Work to complete:
In the records that follow, find each line with "diagram" and pull it out.

Data excerpts:

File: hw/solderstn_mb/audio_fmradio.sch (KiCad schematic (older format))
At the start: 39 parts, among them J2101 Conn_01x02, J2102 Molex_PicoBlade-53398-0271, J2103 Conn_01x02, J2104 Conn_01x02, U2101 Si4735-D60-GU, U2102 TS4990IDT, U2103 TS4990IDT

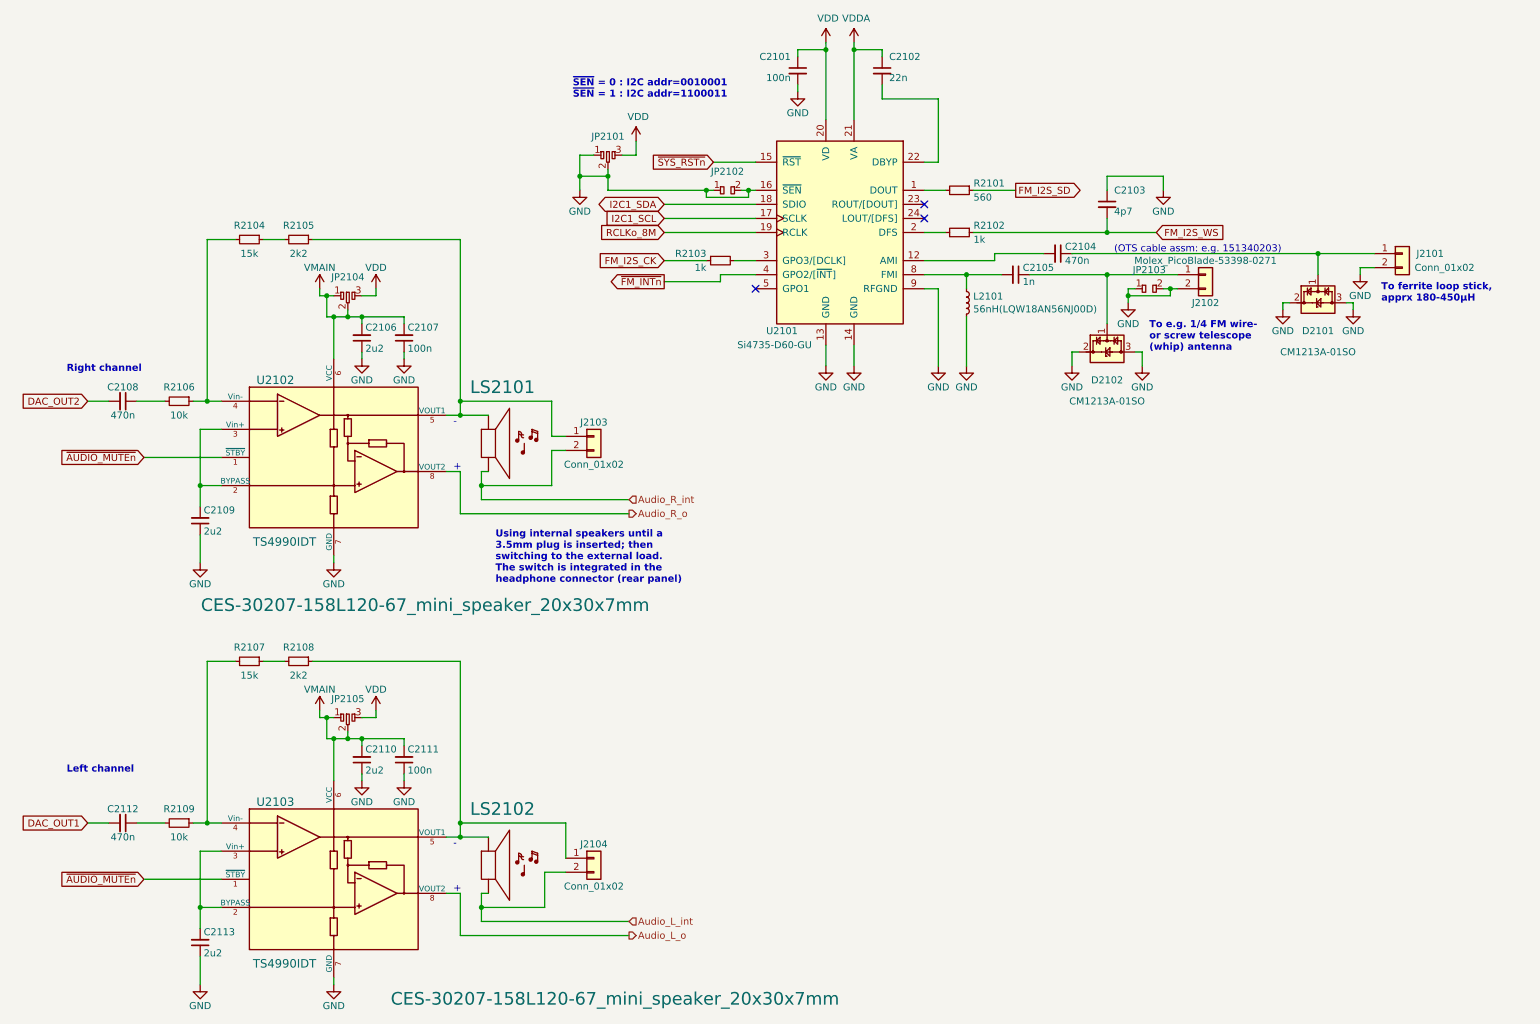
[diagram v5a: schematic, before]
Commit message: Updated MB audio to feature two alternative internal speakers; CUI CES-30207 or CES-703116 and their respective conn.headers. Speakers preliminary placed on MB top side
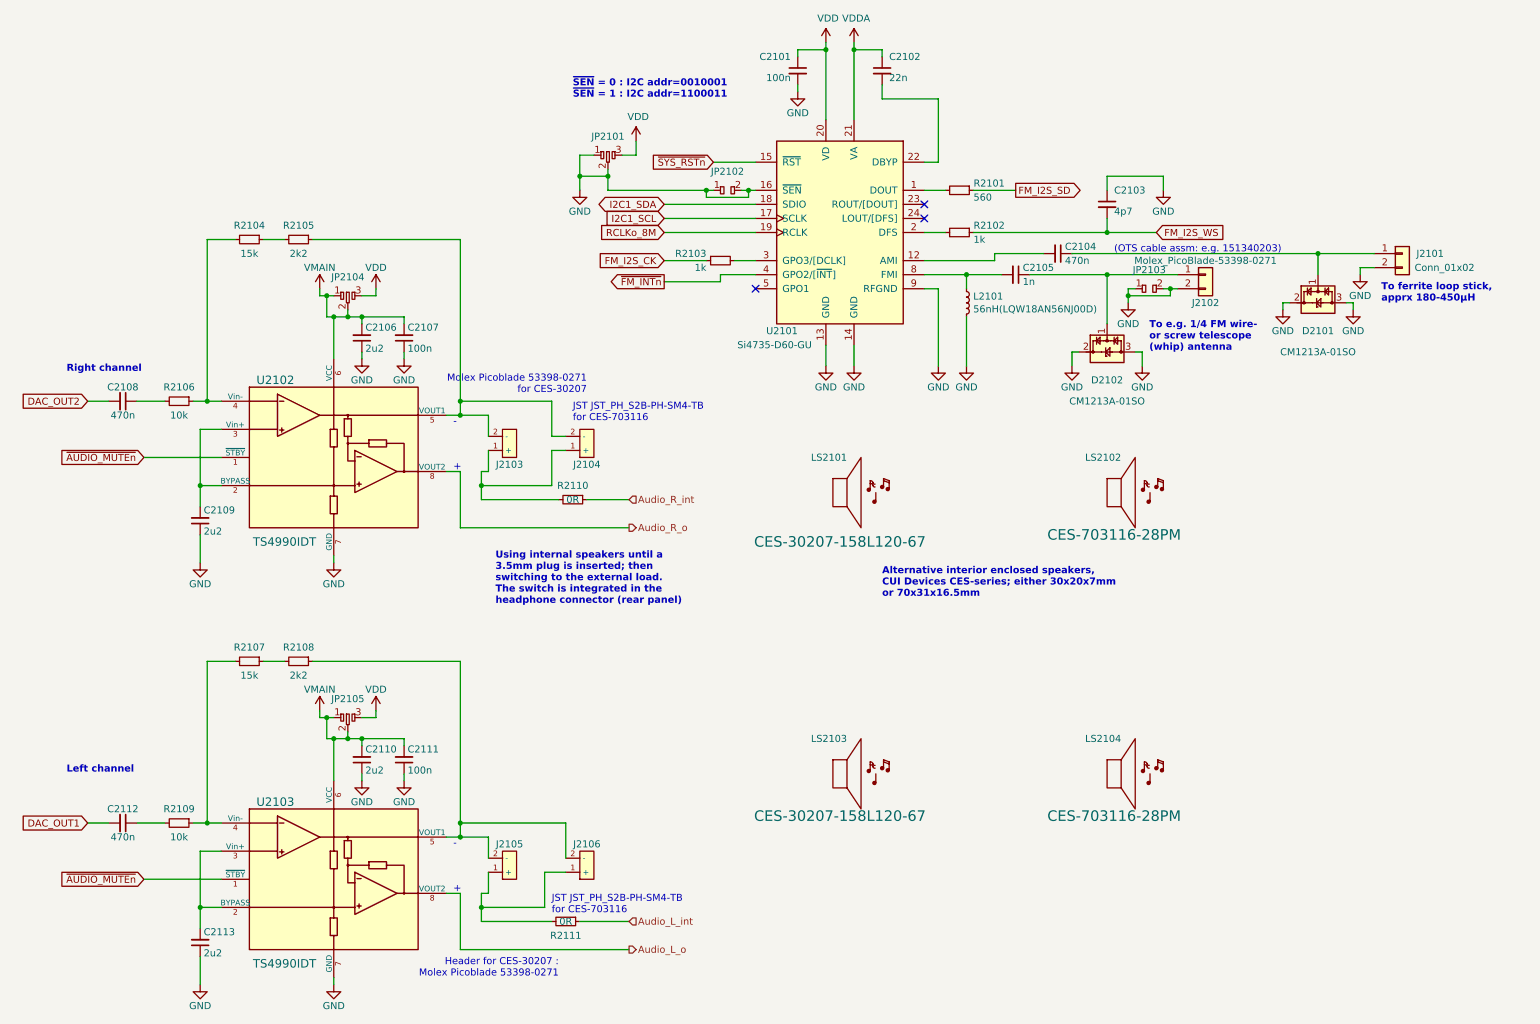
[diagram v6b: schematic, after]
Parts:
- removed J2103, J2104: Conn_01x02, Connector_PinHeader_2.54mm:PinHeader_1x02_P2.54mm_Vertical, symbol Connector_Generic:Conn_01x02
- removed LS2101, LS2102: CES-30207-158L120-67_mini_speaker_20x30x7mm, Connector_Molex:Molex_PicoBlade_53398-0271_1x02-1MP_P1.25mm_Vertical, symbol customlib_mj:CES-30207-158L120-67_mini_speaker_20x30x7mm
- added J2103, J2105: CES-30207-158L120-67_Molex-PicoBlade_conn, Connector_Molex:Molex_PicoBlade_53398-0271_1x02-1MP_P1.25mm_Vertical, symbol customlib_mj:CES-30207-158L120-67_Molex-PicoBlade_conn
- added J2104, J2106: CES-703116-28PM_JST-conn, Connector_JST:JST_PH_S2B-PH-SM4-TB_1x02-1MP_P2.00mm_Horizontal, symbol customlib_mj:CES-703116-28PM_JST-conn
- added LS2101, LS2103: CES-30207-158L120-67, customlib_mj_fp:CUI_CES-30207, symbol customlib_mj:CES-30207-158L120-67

Response for this exercise:
[diagram v5a: schematic, before]
[diagram v6b: schematic, after]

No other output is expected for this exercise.